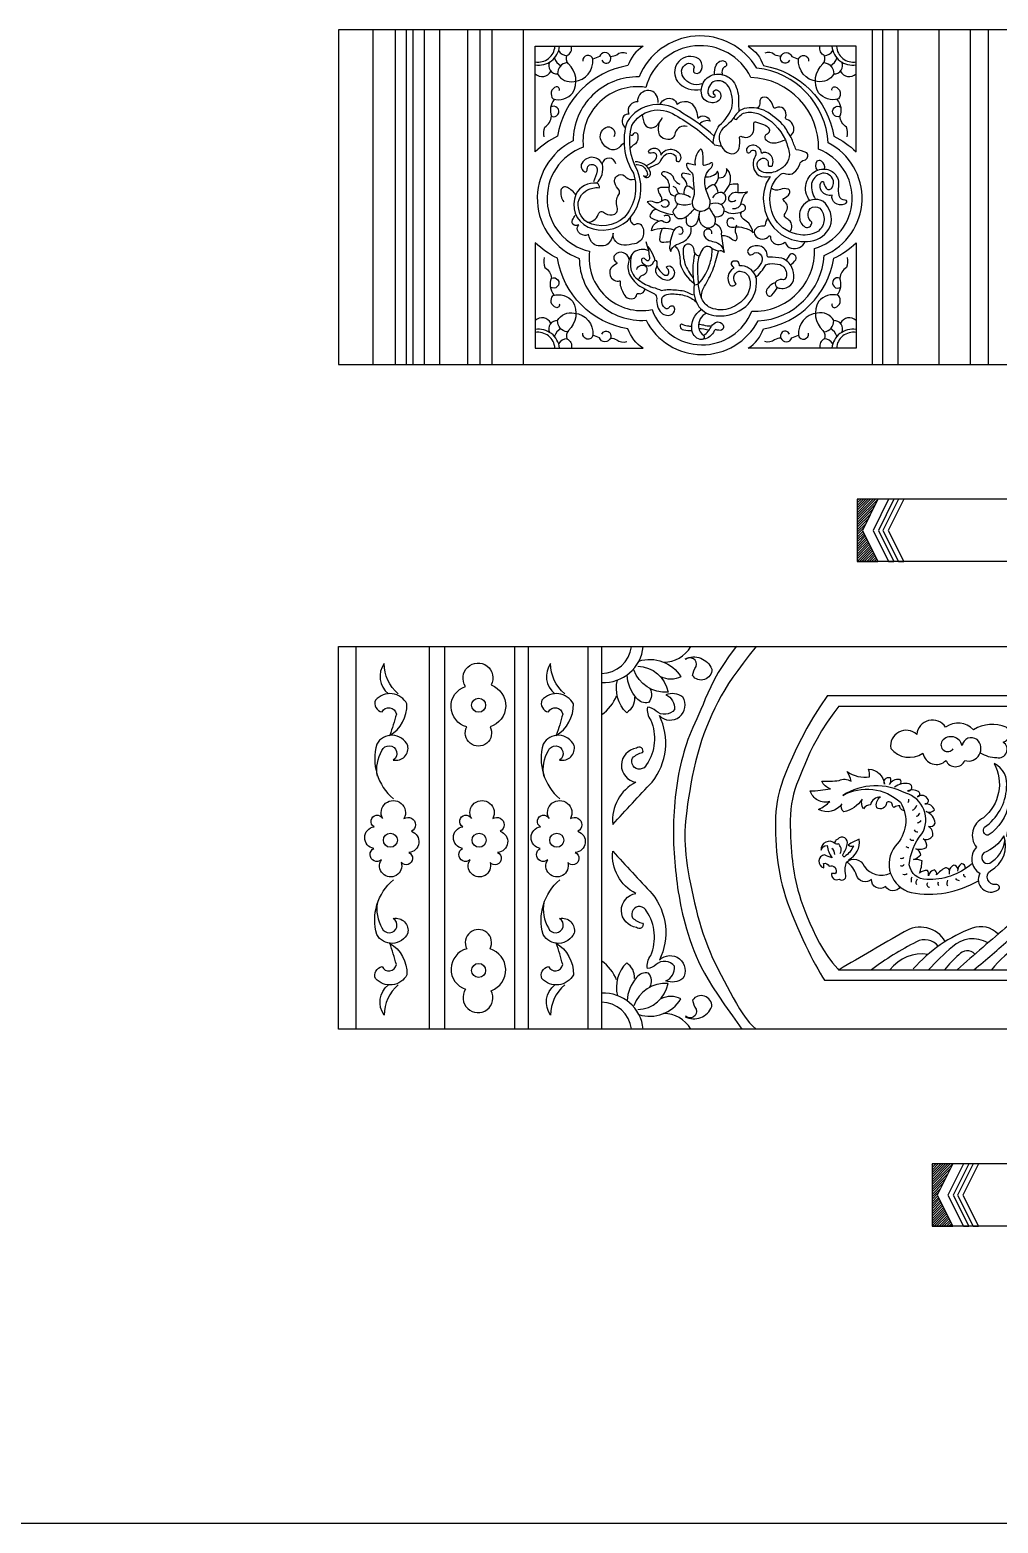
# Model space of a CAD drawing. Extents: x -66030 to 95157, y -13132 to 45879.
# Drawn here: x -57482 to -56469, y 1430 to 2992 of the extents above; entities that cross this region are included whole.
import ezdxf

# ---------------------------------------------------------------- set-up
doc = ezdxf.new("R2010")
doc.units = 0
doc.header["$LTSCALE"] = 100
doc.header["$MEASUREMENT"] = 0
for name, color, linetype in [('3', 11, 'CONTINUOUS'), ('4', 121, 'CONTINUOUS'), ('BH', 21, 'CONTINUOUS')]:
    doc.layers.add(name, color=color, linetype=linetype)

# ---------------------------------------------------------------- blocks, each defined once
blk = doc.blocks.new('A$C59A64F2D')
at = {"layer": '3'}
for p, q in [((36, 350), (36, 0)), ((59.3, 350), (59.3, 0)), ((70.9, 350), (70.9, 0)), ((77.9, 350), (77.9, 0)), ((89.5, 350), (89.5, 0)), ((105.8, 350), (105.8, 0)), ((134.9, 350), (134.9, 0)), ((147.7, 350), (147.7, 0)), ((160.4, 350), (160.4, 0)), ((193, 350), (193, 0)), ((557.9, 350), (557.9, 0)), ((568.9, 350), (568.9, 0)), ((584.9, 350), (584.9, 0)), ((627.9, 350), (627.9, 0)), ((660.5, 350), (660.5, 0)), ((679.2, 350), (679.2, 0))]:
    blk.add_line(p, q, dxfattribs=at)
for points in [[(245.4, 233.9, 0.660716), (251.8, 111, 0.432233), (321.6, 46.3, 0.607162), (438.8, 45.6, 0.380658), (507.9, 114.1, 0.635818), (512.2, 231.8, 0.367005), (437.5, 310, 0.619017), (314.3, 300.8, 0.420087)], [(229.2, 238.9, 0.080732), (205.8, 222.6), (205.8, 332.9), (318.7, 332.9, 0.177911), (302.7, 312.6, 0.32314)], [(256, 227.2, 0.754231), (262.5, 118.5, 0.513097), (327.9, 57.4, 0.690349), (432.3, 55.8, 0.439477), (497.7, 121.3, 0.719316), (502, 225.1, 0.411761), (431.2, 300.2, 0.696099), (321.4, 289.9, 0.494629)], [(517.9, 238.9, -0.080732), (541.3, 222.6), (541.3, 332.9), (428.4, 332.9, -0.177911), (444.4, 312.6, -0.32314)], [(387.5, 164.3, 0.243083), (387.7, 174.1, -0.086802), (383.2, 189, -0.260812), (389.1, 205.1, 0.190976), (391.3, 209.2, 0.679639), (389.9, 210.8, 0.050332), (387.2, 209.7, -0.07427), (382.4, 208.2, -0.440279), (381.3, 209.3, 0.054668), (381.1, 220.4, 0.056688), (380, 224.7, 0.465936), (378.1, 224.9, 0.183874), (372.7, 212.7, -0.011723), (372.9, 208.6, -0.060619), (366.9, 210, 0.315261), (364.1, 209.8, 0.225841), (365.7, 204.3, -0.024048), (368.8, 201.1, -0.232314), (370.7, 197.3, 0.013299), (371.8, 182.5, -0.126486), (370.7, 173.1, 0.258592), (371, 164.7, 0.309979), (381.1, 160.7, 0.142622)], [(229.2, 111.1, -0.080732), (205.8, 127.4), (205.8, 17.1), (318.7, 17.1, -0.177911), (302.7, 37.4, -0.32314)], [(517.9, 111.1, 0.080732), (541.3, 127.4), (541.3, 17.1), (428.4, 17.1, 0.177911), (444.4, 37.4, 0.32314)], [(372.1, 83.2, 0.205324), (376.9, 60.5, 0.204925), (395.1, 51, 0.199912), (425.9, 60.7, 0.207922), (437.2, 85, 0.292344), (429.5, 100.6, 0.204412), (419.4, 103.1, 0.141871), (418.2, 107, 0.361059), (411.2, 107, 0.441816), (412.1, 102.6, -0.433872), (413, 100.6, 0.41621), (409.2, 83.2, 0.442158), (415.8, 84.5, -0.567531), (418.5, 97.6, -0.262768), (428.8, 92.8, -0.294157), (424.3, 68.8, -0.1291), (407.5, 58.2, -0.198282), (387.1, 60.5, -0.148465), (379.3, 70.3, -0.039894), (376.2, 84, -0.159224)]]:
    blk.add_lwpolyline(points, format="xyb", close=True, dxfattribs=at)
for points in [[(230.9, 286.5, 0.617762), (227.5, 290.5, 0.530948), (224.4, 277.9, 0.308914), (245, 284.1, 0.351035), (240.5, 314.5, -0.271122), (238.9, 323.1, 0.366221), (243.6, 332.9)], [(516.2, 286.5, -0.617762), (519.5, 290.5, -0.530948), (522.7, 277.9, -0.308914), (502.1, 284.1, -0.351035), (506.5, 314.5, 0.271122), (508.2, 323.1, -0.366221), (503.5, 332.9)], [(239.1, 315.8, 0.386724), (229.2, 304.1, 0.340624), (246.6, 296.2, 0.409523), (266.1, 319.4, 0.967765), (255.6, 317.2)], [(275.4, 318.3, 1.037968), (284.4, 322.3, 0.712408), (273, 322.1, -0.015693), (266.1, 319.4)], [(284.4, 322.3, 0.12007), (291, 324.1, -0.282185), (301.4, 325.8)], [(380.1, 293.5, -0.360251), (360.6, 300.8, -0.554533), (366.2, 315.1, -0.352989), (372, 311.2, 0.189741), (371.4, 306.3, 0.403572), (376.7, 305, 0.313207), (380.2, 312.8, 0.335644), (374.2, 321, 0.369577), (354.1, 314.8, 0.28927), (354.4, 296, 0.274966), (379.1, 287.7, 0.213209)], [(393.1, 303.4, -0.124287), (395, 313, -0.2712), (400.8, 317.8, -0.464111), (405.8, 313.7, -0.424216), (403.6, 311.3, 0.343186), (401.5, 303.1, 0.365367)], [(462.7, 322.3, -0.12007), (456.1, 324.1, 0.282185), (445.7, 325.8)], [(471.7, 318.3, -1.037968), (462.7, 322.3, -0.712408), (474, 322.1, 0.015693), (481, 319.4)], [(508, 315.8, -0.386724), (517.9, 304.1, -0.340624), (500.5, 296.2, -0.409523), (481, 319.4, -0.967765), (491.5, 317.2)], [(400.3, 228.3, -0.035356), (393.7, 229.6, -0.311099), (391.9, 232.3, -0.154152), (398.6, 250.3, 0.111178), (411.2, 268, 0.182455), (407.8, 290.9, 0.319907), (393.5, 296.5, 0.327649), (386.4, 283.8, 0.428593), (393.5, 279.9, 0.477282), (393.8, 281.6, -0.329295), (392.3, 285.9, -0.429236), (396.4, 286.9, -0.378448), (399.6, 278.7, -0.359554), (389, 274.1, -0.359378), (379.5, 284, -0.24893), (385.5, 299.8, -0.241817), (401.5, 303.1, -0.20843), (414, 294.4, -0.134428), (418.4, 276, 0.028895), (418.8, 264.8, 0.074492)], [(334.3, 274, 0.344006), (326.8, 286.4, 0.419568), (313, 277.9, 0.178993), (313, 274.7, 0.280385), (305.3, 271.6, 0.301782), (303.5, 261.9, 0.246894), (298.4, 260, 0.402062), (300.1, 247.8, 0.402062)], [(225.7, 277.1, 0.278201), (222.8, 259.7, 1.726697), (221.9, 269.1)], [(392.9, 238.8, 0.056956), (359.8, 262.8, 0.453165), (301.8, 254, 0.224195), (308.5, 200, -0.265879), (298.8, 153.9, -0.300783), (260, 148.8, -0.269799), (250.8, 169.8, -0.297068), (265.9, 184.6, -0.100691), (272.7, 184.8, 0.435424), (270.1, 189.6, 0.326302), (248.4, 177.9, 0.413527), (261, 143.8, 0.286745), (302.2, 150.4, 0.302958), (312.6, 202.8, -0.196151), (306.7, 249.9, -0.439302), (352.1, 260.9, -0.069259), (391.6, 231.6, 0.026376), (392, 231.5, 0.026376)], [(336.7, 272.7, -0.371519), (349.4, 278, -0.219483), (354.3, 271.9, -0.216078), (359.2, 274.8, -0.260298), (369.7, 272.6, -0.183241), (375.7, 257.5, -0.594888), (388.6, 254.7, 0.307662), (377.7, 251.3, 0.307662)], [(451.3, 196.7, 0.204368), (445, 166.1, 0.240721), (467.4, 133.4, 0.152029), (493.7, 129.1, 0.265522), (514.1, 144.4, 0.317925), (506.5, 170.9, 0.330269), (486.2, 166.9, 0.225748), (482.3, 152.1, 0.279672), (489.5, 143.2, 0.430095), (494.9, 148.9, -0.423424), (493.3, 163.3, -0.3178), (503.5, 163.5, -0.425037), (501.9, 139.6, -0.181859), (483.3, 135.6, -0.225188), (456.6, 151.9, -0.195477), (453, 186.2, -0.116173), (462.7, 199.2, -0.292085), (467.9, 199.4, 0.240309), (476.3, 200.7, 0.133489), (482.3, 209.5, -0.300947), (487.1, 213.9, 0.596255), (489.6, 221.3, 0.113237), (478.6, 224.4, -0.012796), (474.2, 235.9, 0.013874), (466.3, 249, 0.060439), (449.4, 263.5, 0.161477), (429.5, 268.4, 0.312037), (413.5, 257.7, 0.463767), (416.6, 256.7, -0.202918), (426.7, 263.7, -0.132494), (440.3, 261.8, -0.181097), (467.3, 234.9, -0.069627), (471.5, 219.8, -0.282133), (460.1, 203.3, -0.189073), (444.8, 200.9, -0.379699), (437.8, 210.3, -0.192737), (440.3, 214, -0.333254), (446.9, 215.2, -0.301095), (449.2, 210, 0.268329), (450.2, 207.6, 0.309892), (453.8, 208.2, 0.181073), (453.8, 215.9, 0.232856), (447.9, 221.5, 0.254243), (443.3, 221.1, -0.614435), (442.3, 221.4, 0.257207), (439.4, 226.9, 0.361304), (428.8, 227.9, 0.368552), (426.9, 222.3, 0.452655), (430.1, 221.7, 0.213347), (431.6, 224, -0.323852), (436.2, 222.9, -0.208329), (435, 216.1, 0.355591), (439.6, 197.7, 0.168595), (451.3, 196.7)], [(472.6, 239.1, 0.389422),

___

- TASK BRIEF
Only lines with the word "blocks" count here; copy every one from the records.

- FINAL ANSWER
# ---------------------------------------------------------------- blocks, each defined once
blk = doc.blocks.new('A$C59A64F2D')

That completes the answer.